Google Chrome, as it’s called, was released today at noon and can be downloaded for XP/Vista (Linux and Mac soon to follow).  After reading the comic and watching the video, I was excited to download it and take it for a spin. While all of the features sounded nice, I didn’t know what to expect.  Just because they say that they “started a browser from scratch” and that it’s designed for “today’s web applications and not the web pages of 1998″ doesn’t necessarily mean that it’s any better than IE7, Firefox 3, Safari, Opera, etc.

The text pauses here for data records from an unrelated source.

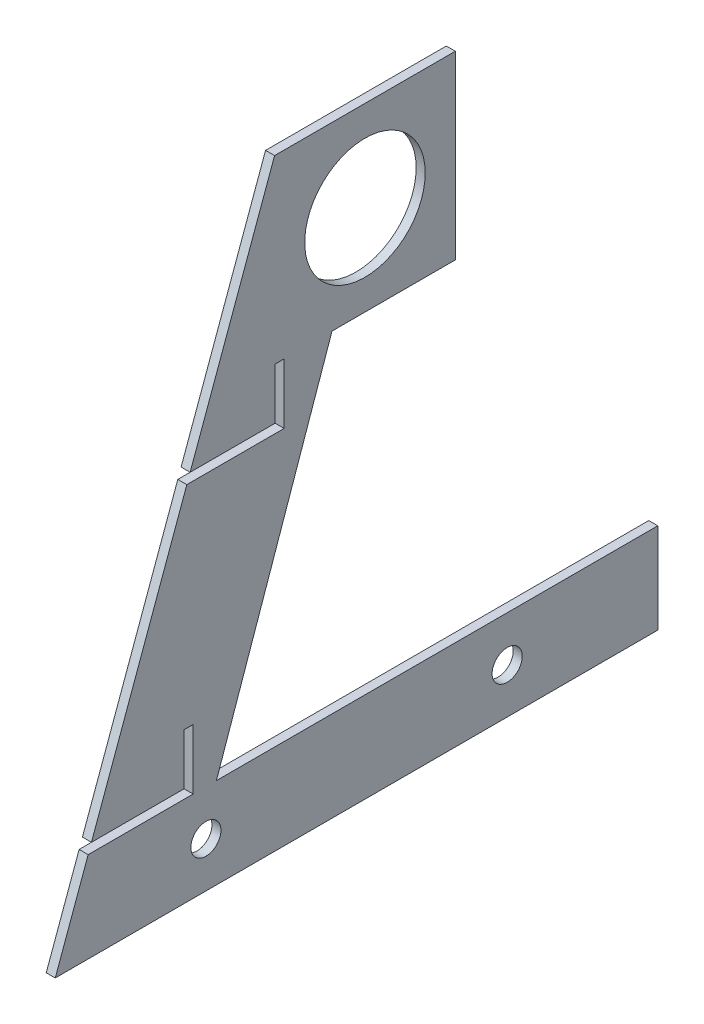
ISO-10303-21;
HEADER;
FILE_DESCRIPTION(('STEP AP214'),'2;1');
FILE_NAME('part.step','',(''),(''),'','','');
FILE_SCHEMA(('AUTOMOTIVE_DESIGN { 1 0 10303 214 1 1 1 1 }'));
ENDSEC;
DATA;
#1=APPLICATION_CONTEXT('core data for automotive mechanical design processes');
#2=APPLICATION_PROTOCOL_DEFINITION('international standard','automotive_design',2000,#1);
#3=PRODUCT_CONTEXT('',#1,'mechanical');
#4=PRODUCT('Part','Part','',(#3));
#5=PRODUCT_RELATED_PRODUCT_CATEGORY('part','',(#4));
#6=PRODUCT_DEFINITION_FORMATION('','',#4);
#7=PRODUCT_DEFINITION_CONTEXT('part definition',#1,'design');
#8=PRODUCT_DEFINITION('design','',#6,#7);
#9=PRODUCT_DEFINITION_SHAPE('','',#8);
#10=(LENGTH_UNIT() NAMED_UNIT(*) SI_UNIT(.MILLI.,.METRE.));
#11=(NAMED_UNIT(*) PLANE_ANGLE_UNIT() SI_UNIT($,.RADIAN.));
#12=(NAMED_UNIT(*) SI_UNIT($,.STERADIAN.) SOLID_ANGLE_UNIT());
#13=UNCERTAINTY_MEASURE_WITH_UNIT(LENGTH_MEASURE(1.E-05),#10,'distance_accuracy_value','');
#14=(GEOMETRIC_REPRESENTATION_CONTEXT(3) GLOBAL_UNCERTAINTY_ASSIGNED_CONTEXT((#13)) GLOBAL_UNIT_ASSIGNED_CONTEXT((#10,
#11,#12)) REPRESENTATION_CONTEXT('',''));
#15=CARTESIAN_POINT('',(0.,0.,0.));
#16=DIRECTION('',(0.,0.,1.));
#17=DIRECTION('',(1.,0.,0.));
#18=AXIS2_PLACEMENT_3D('',#15,#16,#17);
#19=CARTESIAN_POINT('',(3.,-74.4659880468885,-59.5411674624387));
#20=DIRECTION('',(-1.,0.,0.));
#21=DIRECTION('',(0.,0.,1.));
#22=AXIS2_PLACEMENT_3D('',#19,#20,#21);
#23=PLANE('',#22);
#24=CARTESIAN_POINT('',(3.,95.564309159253,37.6647856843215));
#25=DIRECTION('',(1.,0.,0.));
#26=DIRECTION('',(0.,0.,-1.));
#27=AXIS2_PLACEMENT_3D('',#24,#25,#26);
#28=CIRCLE('',#27,20.);
#29=CARTESIAN_POINT('',(3.,95.564309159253,17.6647856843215));
#30=VERTEX_POINT('',#29);
#31=EDGE_CURVE('E390',#30,#30,#28,.T.);
#32=ORIENTED_EDGE('',*,*,#31,.F.);
#33=EDGE_LOOP('',(#32));
#34=FACE_BOUND('',#33,.T.);
#35=DIRECTION('',(0.,1.,0.));
#36=VECTOR('',#35,1.);
#37=CARTESIAN_POINT('',(3.,-44.4659880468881,-59.5411674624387));
#38=LINE('',#37,#36);
#39=CARTESIAN_POINT('',(3.,-74.4659880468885,-59.5411674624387));
#40=VERTEX_POINT('',#39);
#41=CARTESIAN_POINT('',(3.,-44.4659880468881,-59.5411674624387));
#42=VERTEX_POINT('',#41);
#43=EDGE_CURVE('E240',#40,#42,#38,.T.);
#44=ORIENTED_EDGE('',*,*,#43,.T.);
#45=DIRECTION('',(0.,0.,1.));
#46=VECTOR('',#45,1.);
#47=CARTESIAN_POINT('',(3.,-44.4659880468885,86.983641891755));
#48=LINE('',#47,#46);
#49=CARTESIAN_POINT('',(3.,-44.4659880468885,86.983641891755));
#50=VERTEX_POINT('',#49);
#51=EDGE_CURVE('E127',#42,#50,#48,.T.);
#52=ORIENTED_EDGE('',*,*,#51,.T.);
#53=DIRECTION('',(0.,0.944189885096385,-0.329401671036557));
#54=VECTOR('',#53,1.);
#55=CARTESIAN_POINT('',(3.,-44.4659880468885,86.983641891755));
#56=LINE('',#55,#54);
#57=CARTESIAN_POINT('',(3.,65.564309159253,48.5971220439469));
#58=VERTEX_POINT('',#57);
#59=EDGE_CURVE('E291',#50,#58,#56,.T.);
#60=ORIENTED_EDGE('',*,*,#59,.T.);
#61=DIRECTION('',(0.,0.,-1.));
#62=VECTOR('',#61,1.);
#63=CARTESIAN_POINT('',(3.,65.564309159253,7.66478568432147));
#64=LINE('',#63,#62);
#65=CARTESIAN_POINT('',(3.,65.564309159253,7.66478568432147));
#66=VERTEX_POINT('',#65);
#67=EDGE_CURVE('E310',#58,#66,#64,.T.);
#68=ORIENTED_EDGE('',*,*,#67,.T.);
#69=DIRECTION('',(0.,1.,0.));
#70=VECTOR('',#69,1.);
#71=CARTESIAN_POINT('',(3.,125.564309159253,7.66478568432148));
#72=LINE('',#71,#70);
#73=CARTESIAN_POINT('',(3.,125.564309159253,7.66478568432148));
#74=VERTEX_POINT('',#73);
#75=EDGE_CURVE('E307',#66,#74,#72,.T.);
#76=ORIENTED_EDGE('',*,*,#75,.T.);
#77=DIRECTION('',(0.,0.,1.));
#78=VECTOR('',#77,1.);
#79=CARTESIAN_POINT('',(3.,125.564309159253,7.66478568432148));
#80=LINE('',#79,#78);
#81=CARTESIAN_POINT('',(3.,125.564309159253,67.6647856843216));
#82=VERTEX_POINT('',#81);
#83=EDGE_CURVE('E309',#74,#82,#80,.T.);
#84=ORIENTED_EDGE('',*,*,#83,.T.);
#85=DIRECTION('',(0.,-0.939692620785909,0.342020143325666));
#86=VECTOR('',#85,1.);
#87=CARTESIAN_POINT('',(3.,48.5340119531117,95.7015210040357));
#88=LINE('',#87,#86);
#89=CARTESIAN_POINT('',(3.,48.5340119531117,95.7015210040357));
#90=VERTEX_POINT('',#89);
#91=EDGE_CURVE('E312',#82,#90,#88,.T.);
#92=ORIENTED_EDGE('',*,*,#91,.T.);
#93=DIRECTION('',(0.,0.,-1.));
#94=VECTOR('',#93,1.);
#95=CARTESIAN_POINT('',(3.,48.5340119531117,95.7015210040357));
#96=LINE('',#95,#94);
#97=CARTESIAN_POINT('',(3.,48.5340119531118,67.4793200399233));
#98=VERTEX_POINT('',#97);
#99=EDGE_CURVE('E318',#90,#98,#96,.T.);
#100=ORIENTED_EDGE('',*,*,#99,.T.);
#101=DIRECTION('',(0.,1.,0.));
#102=VECTOR('',#101,1.);
#103=CARTESIAN_POINT('',(3.,65.5340119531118,67.4793200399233));
#104=LINE('',#103,#102);
#105=CARTESIAN_POINT('',(3.,65.5340119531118,67.4793200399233));
#106=VERTEX_POINT('',#105);
#107=EDGE_CURVE('E320',#98,#106,#104,.T.);
#108=ORIENTED_EDGE('',*,*,#107,.T.);
#109=DIRECTION('',(0.,0.,-1.));
#110=VECTOR('',#109,1.);
#111=CARTESIAN_POINT('',(3.,65.5340119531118,64.4793200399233));
#112=LINE('',#111,#110);
#113=CARTESIAN_POINT('',(3.,65.5340119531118,64.4793200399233));
#114=VERTEX_POINT('',#113);
#115=EDGE_CURVE('E322',#106,#114,#112,.T.);
#116=ORIENTED_EDGE('',*,*,#115,.T.);
#117=DIRECTION('',(0.,-1.,0.));
#118=VECTOR('',#117,1.);
#119=CARTESIAN_POINT('',(3.,65.5340119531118,64.4793200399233));
#120=LINE('',#119,#118);
#121=CARTESIAN_POINT('',(3.,45.5340119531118,64.4793200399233));
#122=VERTEX_POINT('',#121);
#123=EDGE_CURVE('E324',#114,#122,#120,.T.);
#124=ORIENTED_EDGE('',*,*,#123,.T.);
#125=DIRECTION('',(0.,0.,1.));
#126=VECTOR('',#125,1.);
#127=CARTESIAN_POINT('',(3.,45.5340119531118,64.4793200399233));
#128=LINE('',#127,#126);
#129=CARTESIAN_POINT('',(3.,45.5340119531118,96.7934317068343));
#130=VERTEX_POINT('',#129);
#131=EDGE_CURVE('E326',#122,#130,#128,.T.);
#132=ORIENTED_EDGE('',*,*,#131,.T.);
#133=DIRECTION('',(0.,-0.939692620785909,0.342020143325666));
#134=VECTOR('',#133,1.);
#135=CARTESIAN_POINT('',(3.,-41.4659880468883,128.458842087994));
#136=LINE('',#135,#134);
#137=CARTESIAN_POINT('',(3.,-41.4659880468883,128.458842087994));
#138=VERTEX_POINT('',#137);
#139=EDGE_CURVE('E328',#130,#138,#136,.T.);
#140=ORIENTED_EDGE('',*,*,#139,.T.);
#141=DIRECTION('',(0.,0.,-1.));
#142=VECTOR('',#141,1.);
#143=CARTESIAN_POINT('',(3.,-41.4659880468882,97.6925232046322));
#144=LINE('',#143,#142);
#145=CARTESIAN_POINT('',(3.,-41.4659880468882,97.6925232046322));
#146=VERTEX_POINT('',#145);
#147=EDGE_CURVE('E330',#138,#146,#144,.T.);
#148=ORIENTED_EDGE('',*,*,#147,.T.);
#149=DIRECTION('',(0.,1.,0.));
#150=VECTOR('',#149,1.);
#151=CARTESIAN_POINT('',(3.,-24.4659880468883,97.6925232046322));
#152=LINE('',#151,#150);
#153=CARTESIAN_POINT('',(3.,-24.4659880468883,97.6925232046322));
#154=VERTEX_POINT('',#153);
#155=EDGE_CURVE('E332',#146,#154,#152,.T.);
#156=ORIENTED_EDGE('',*,*,#155,.T.);
#157=DIRECTION('',(0.,0.,-1.));
#158=VECTOR('',#157,1.);
#159=CARTESIAN_POINT('',(3.,-24.4659880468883,94.6925232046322));
#160=LINE('',#159,#158);
#161=CARTESIAN_POINT('',(3.,-24.4659880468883,94.6925232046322));
#162=VERTEX_POINT('',#161);
#163=EDGE_CURVE('E334',#154,#162,#160,.T.);
#164=ORIENTED_EDGE('',*,*,#163,.T.);
#165=DIRECTION('',(0.,-1.,0.));
#166=VECTOR('',#165,1.);
#167=CARTESIAN_POINT('',(3.,-44.4659880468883,94.6925232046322));
#168=LINE('',#167,#166);
#169=CARTESIAN_POINT('',(3.,-44.4659880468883,94.6925232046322));
#170=VERTEX_POINT('',#169);
#171=EDGE_CURVE('E182',#162,#170,#168,.T.);
#172=ORIENTED_EDGE('',*,*,#171,.T.);
#173=DIRECTION('',(0.,0.,1.));
#174=VECTOR('',#173,1.);
#175=CARTESIAN_POINT('',(3.,-44.4659880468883,94.6925232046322));
#176=LINE('',#175,#174);
#177=CARTESIAN_POINT('',(3.,-44.4659880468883,129.550752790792));
#178=VERTEX_POINT('',#177);
#179=EDGE_CURVE('E176',#170,#178,#176,.T.);
#180=ORIENTED_EDGE('',*,*,#179,.T.);
#181=DIRECTION('',(0.,-0.939692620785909,0.342020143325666));
#182=VECTOR('',#181,1.);
#183=CARTESIAN_POINT('',(3.,-74.4356908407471,140.458832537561));
#184=LINE('',#183,#182);
#185=CARTESIAN_POINT('',(3.,-74.4659880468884,140.469859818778));
#186=VERTEX_POINT('',#185);
#187=EDGE_CURVE('E180',#178,#186,#184,.T.);
#188=ORIENTED_EDGE('',*,*,#187,.T.);
#189=DIRECTION('',(0.,0.,-1.));
#190=VECTOR('',#189,1.);
#191=CARTESIAN_POINT('',(3.,-74.4659880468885,-59.5411674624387));
#192=LINE('',#191,#190);
#193=EDGE_CURVE('E49',#186,#40,#192,.T.);
#194=ORIENTED_EDGE('',*,*,#193,.T.);
#195=EDGE_LOOP('',(#44,#52,#60,#68,#76,#84,#92,#100,#108,#116,#124,#132,#140,#148,#156,#164,
#172,#180,#188,#194));
#196=FACE_BOUND('',#195,.T.);
#197=CARTESIAN_POINT('',(3.,-59.4659880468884,-9.54116746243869));
#198=DIRECTION('',(1.,0.,0.));
#199=DIRECTION('',(0.,0.,-1.));
#200=AXIS2_PLACEMENT_3D('',#197,#198,#199);
#201=CIRCLE('',#200,5.);
#202=CARTESIAN_POINT('',(3.,-59.4659880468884,-14.5411674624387));
#203=VERTEX_POINT('',#202);
#204=EDGE_CURVE('E205',#203,#203,#201,.T.);
#205=ORIENTED_EDGE('',*,*,#204,.F.);
#206=EDGE_LOOP('',(#205));
#207=FACE_BOUND('',#206,.T.);
#208=CARTESIAN_POINT('',(3.,-59.4659880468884,90.4588325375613));
#209=DIRECTION('',(1.,0.,0.));
#210=DIRECTION('',(0.,0.,-1.));
#211=AXIS2_PLACEMENT_3D('',#208,#209,#210);
#212=CIRCLE('',#211,5.00000000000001);
#213=CARTESIAN_POINT('',(3.,-59.4659880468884,85.4588325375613));
#214=VERTEX_POINT('',#213);
#215=EDGE_CURVE('E381',#214,#214,#212,.T.);
#216=ORIENTED_EDGE('',*,*,#215,.F.);
#217=EDGE_LOOP('',(#216));
#218=FACE_BOUND('',#217,.T.);
#219=ADVANCED_FACE('F32',(#34,#196,#207,#218),#23,.F.);
#220=CARTESIAN_POINT('',(0.,-74.4659880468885,-59.5411674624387));
#221=DIRECTION('',(-1.,0.,0.));
#222=DIRECTION('',(0.,0.,1.));
#223=AXIS2_PLACEMENT_3D('',#220,#221,#222);
#224=PLANE('',#223);
#225=CARTESIAN_POINT('',(0.,95.564309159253,37.6647856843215));
#226=DIRECTION('',(1.,0.,0.));
#227=DIRECTION('',(0.,0.,-1.));
#228=AXIS2_PLACEMENT_3D('',#225,#226,#227);
#229=CIRCLE('',#228,20.);
#230=CARTESIAN_POINT('',(0.,95.564309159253,17.6647856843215));
#231=VERTEX_POINT('',#230);
#232=EDGE_CURVE('E387',#231,#231,#229,.T.);
#233=ORIENTED_EDGE('',*,*,#232,.T.);
#234=EDGE_LOOP('',(#233));
#235=FACE_BOUND('',#234,.T.);
#236=DIRECTION('',(0.,1.,0.));
#237=VECTOR('',#236,1.);
#238=CARTESIAN_POINT('',(0.,-44.4659880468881,-59.5411674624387));
#239=LINE('',#238,#237);
#240=CARTESIAN_POINT('',(0.,-74.4659880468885,-59.5411674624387));
#241=VERTEX_POINT('',#240);
#242=CARTESIAN_POINT('',(0.,-44.4659880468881,-59.5411674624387));
#243=VERTEX_POINT('',#242);
#244=EDGE_CURVE('E201',#241,#243,#239,.T.);
#245=ORIENTED_EDGE('',*,*,#244,.F.);
#246=DIRECTION('',(0.,0.,-1.));
#247=VECTOR('',#246,1.);
#248=CARTESIAN_POINT('',(0.,-74.4659880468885,-59.5411674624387));
#249=LINE('',#248,#247);
#250=CARTESIAN_POINT('',(0.,-74.4659880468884,140.469859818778));
#251=VERTEX_POINT('',#250);
#252=EDGE_CURVE('E119',#251,#241,#249,.T.);
#253=ORIENTED_EDGE('',*,*,#252,.F.);
#254=DIRECTION('',(0.,-0.939692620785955,0.342020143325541));
#255=VECTOR('',#254,1.);
#256=CARTESIAN_POINT('',(0.,-74.4356908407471,140.458832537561));
#257=LINE('',#256,#255);
#258=CARTESIAN_POINT('',(0.,-44.4659880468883,129.550752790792));
#259=VERTEX_POINT('',#258);
#260=EDGE_CURVE('E113',#259,#251,#257,.T.);
#261=ORIENTED_EDGE('',*,*,#260,.F.);
#262=DIRECTION('',(0.,0.,1.));
#263=VECTOR('',#262,1.);
#264=CARTESIAN_POINT('',(0.,-44.4659880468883,94.6925232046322));
#265=LINE('',#264,#263);
#266=CARTESIAN_POINT('',(0.,-44.4659880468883,94.6925232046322));
#267=VERTEX_POINT('',#266);
#268=EDGE_CURVE('E191',#267,#259,#265,.T.);
#269=ORIENTED_EDGE('',*,*,#268,.F.);
#270=DIRECTION('',(0.,-1.,0.));
#271=VECTOR('',#270,1.);
#272=CARTESIAN_POINT('',(0.,-44.4659880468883,94.6925232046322));
#273=LINE('',#272,#271);
#274=CARTESIAN_POINT('',(0.,-24.4659880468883,94.6925232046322));
#275=VERTEX_POINT('',#274);
#276=EDGE_CURVE('E235',#275,#267,#273,.T.);
#277=ORIENTED_EDGE('',*,*,#276,.F.);
#278=DIRECTION('',(0.,0.,-1.));
#279=VECTOR('',#278,1.);
#280=CARTESIAN_POINT('',(0.,-24.4659880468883,94.6925232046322));
#281=LINE('',#280,#279);
#282=CARTESIAN_POINT('',(0.,-24.4659880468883,97.6925232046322));
#283=VERTEX_POINT('',#282);
#284=EDGE_CURVE('E233',#283,#275,#281,.T.);
#285=ORIENTED_EDGE('',*,*,#284,.F.);
#286=DIRECTION('',(0.,1.,0.));
#287=VECTOR('',#286,1.);
#288=CARTESIAN_POINT('',(0.,-24.4659880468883,97.6925232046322));
#289=LINE('',#288,#287);
#290=CARTESIAN_POINT('',(0.,-41.4659880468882,97.6925232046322));
#291=VERTEX_POINT('',#290);
#292=EDGE_CURVE('E231',#291,#283,#289,.T.);
#293=ORIENTED_EDGE('',*,*,#292,.F.);
#294=DIRECTION('',(0.,0.,-1.));
#295=VECTOR('',#294,1.);
#296=CARTESIAN_POINT('',(0.,-41.4659880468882,97.6925232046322));
#297=LINE('',#296,#295);
#298=CARTESIAN_POINT('',(0.,-41.4659880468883,128.458842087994));
#299=VERTEX_POINT('',#298);
#300=EDGE_CURVE('E229',#299,#291,#297,.T.);
#301=ORIENTED_EDGE('',*,*,#300,.F.);
#302=DIRECTION('',(0.,-0.939692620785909,0.342020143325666));
#303=VECTOR('',#302,1.);
#304=CARTESIAN_POINT('',(0.,-41.4659880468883,128.458842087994));
#305=LINE('',#304,#303);
#306=CARTESIAN_POINT('',(0.,45.5340119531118,96.7934317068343));
#307=VERTEX_POINT('',#306);
#308=EDGE_CURVE('E227',#307,#299,#305,.T.);
#309=ORIENTED_EDGE('',*,*,#308,.F.);
#310=DIRECTION('',(0.,0.,1.));
#311=VECTOR('',#310,1.);
#312=CARTESIAN_POINT('',(0.,45.5340119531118,64.4793200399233));
#313=LINE('',#312,#311);
#314=CARTESIAN_POINT('',(0.,45.5340119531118,64.4793200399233));
#315=VERTEX_POINT('',#314);
#316=EDGE_CURVE('E225',#315,#307,#313,.T.);
#317=ORIENTED_EDGE('',*,*,#316,.F.);
#318=DIRECTION('',(0.,-1.,0.));
#319=VECTOR('',#318,1.);
#320=CARTESIAN_POINT('',(0.,65.5340119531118,64.4793200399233));
#321=LINE('',#320,#319);
#322=CARTESIAN_POINT('',(0.,65.5340119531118,64.4793200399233));
#323=VERTEX_POINT('',#322);
#324=EDGE_CURVE('E223',#323,#315,#321,.T.);
#325=ORIENTED_EDGE('',*,*,#324,.F.);
#326=DIRECTION('',(0.,0.,-1.));
#327=VECTOR('',#326,1.);
#328=CARTESIAN_POINT('',(0.,65.5340119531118,64.4793200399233));
#329=LINE('',#328,#327);
#330=CARTESIAN_POINT('',(0.,65.5340119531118,67.4793200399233));
#331=VERTEX_POINT('',#330);
#332=EDGE_CURVE('E221',#331,#323,#329,.T.);
#333=ORIENTED_EDGE('',*,*,#332,.F.);
#334=DIRECTION('',(0.,1.,0.));
#335=VECTOR('',#334,1.);
#336=CARTESIAN_POINT('',(0.,65.5340119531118,67.4793200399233));
#337=LINE('',#336,#335);
#338=CARTESIAN_POINT('',(0.,48.5340119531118,67.4793200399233));
#339=VERTEX_POINT('',#338);
#340=EDGE_CURVE('E219',#339,#331,#337,.T.);
#341=ORIENTED_EDGE('',*,*,#340,.F.);
#342=DIRECTION('',(0.,0.,-1.));
#343=VECTOR('',#342,1.);
#344=CARTESIAN_POINT('',(0.,48.5340119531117,95.7015210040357));
#345=LINE('',#344,#343);
#346=CARTESIAN_POINT('',(0.,48.5340119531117,95.7015210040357));
#347=VERTEX_POINT('',#346);
#348=EDGE_CURVE('E217',#347,#339,#345,.T.);
#349=ORIENTED_EDGE('',*,*,#348,.F.);
#350=DIRECTION('',(0.,-0.939692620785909,0.342020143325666));
#351=VECTOR('',#350,1.);
#352=CARTESIAN_POINT('',(0.,48.5340119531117,95.7015210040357));
#353=LINE('',#352,#351);
#354=CARTESIAN_POINT('',(0.,125.564309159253,67.6647856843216));
#355=VERTEX_POINT('',#354);
#356=EDGE_CURVE('E215',#355,#347,#353,.T.);
#357=ORIENTED_EDGE('',*,*,#356,.F.);
#358=DIRECTION('',(0.,0.,1.));
#359=VECTOR('',#358,1.);
#360=CARTESIAN_POINT('',(0.,125.564309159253,7.66478568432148));
#361=LINE('',#360,#359);
#362=CARTESIAN_POINT('',(0.,125.564309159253,7.66478568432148));
#363=VERTEX_POINT('',#362);
#364=EDGE_CURVE('E213',#363,#355,#361,.T.);
#365=ORIENTED_EDGE('',*,*,#364,.F.);
#366=DIRECTION('',(0.,1.,0.));
#367=VECTOR('',#366,1.);
#368=CARTESIAN_POINT('',(0.,125.564309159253,7.66478568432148));
#369=LINE('',#368,#367);
#370=CARTESIAN_POINT('',(0.,65.564309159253,7.66478568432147));
#371=VERTEX_POINT('',#370);
#372=EDGE_CURVE('E211',#371,#363,#369,.T.);
#373=ORIENTED_EDGE('',*,*,#372,.F.);
#374=DIRECTION('',(0.,0.,-1.));
#375=VECTOR('',#374,1.);
#376=CARTESIAN_POINT('',(0.,65.564309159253,7.66478568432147));
#377=LINE('',#376,#375);
#378=CARTESIAN_POINT('',(0.,65.564309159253,48.5971220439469));
#379=VERTEX_POINT('',#378);
#380=EDGE_CURVE('E209',#379,#371,#377,.T.);
#381=ORIENTED_EDGE('',*,*,#380,.F.);
#382=DIRECTION('',(0.,0.944189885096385,-0.329401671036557));
#383=VECTOR('',#382,1.);
#384=CARTESIAN_POINT('',(0.,-44.4659880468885,86.983641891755));
#385=LINE('',#384,#383);
#386=CARTESIAN_POINT('',(0.,-44.4659880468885,86.983641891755));
#387=VERTEX_POINT('',#386);
#388=EDGE_CURVE('E207',#387,#379,#385,.T.);
#389=ORIENTED_EDGE('',*,*,#388,.F.);
#390=DIRECTION('',(0.,0.,1.));
#391=VECTOR('',#390,1.);
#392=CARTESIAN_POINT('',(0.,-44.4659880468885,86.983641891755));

After playing with it for 10 minutes I feel confident in saying:  it is better than all of them.  Noticably better.  It is now my default browser.

Here are my thoughts:

  • It is sooooooo much faster than other browsers that it isn’t funny.  Google spent a lot of time highlighting the new javascript rendering and crash control, and for good reason. Pages load a lot faster than in FF3 or IE7, and the “crash control” isolates each tab so if one crashes your entire browser session doesn’t.  They even have a task manager where you can see which tabs are using the most resources, very similar to the Windows task manager.  I tried apps like Gmail and Google Reader and they absolutely flew relative to the other browsers I had open.
  • New tabs aren’t blank.  Instead they show thumbnails of your most visited sites, a list of your most recent bookmarks, a search box to search bookmarks, and a list of your most recent searches.
  • Gone is the search box in the upper right.  Everything is in one bar - your history, your searching, and your web addresses.  The first drop down for anything you type is “search on Google”.  Subtle yet awesome.
  • Less clutter - I’d say I have an extra 5% viewing space than I do in FF3.  Despite that, it’s still super simple to find everything.  Nothing I can think of that other browsers have is inherintly missing.  It just works.
  • It appears to render exactly like Firefox, which is what I figured it would do (since portions are modeled on Mozilla’s engine).  This is good news for developers.
  • Speaking of which, the developer tools are solid.  I still prefer Firebug in Firefox, but that might be just because it’s what I know and am familiar with.  The javascript debugging appears to be better than other tools I’ve used, although I don’t do a ton of JS debugging right now.
  • Did I mention it’s REALLY FAST?

Download it and see for yourself.  It installs in seconds and imports everything from Firefox or IE so you can pick up right where you left off.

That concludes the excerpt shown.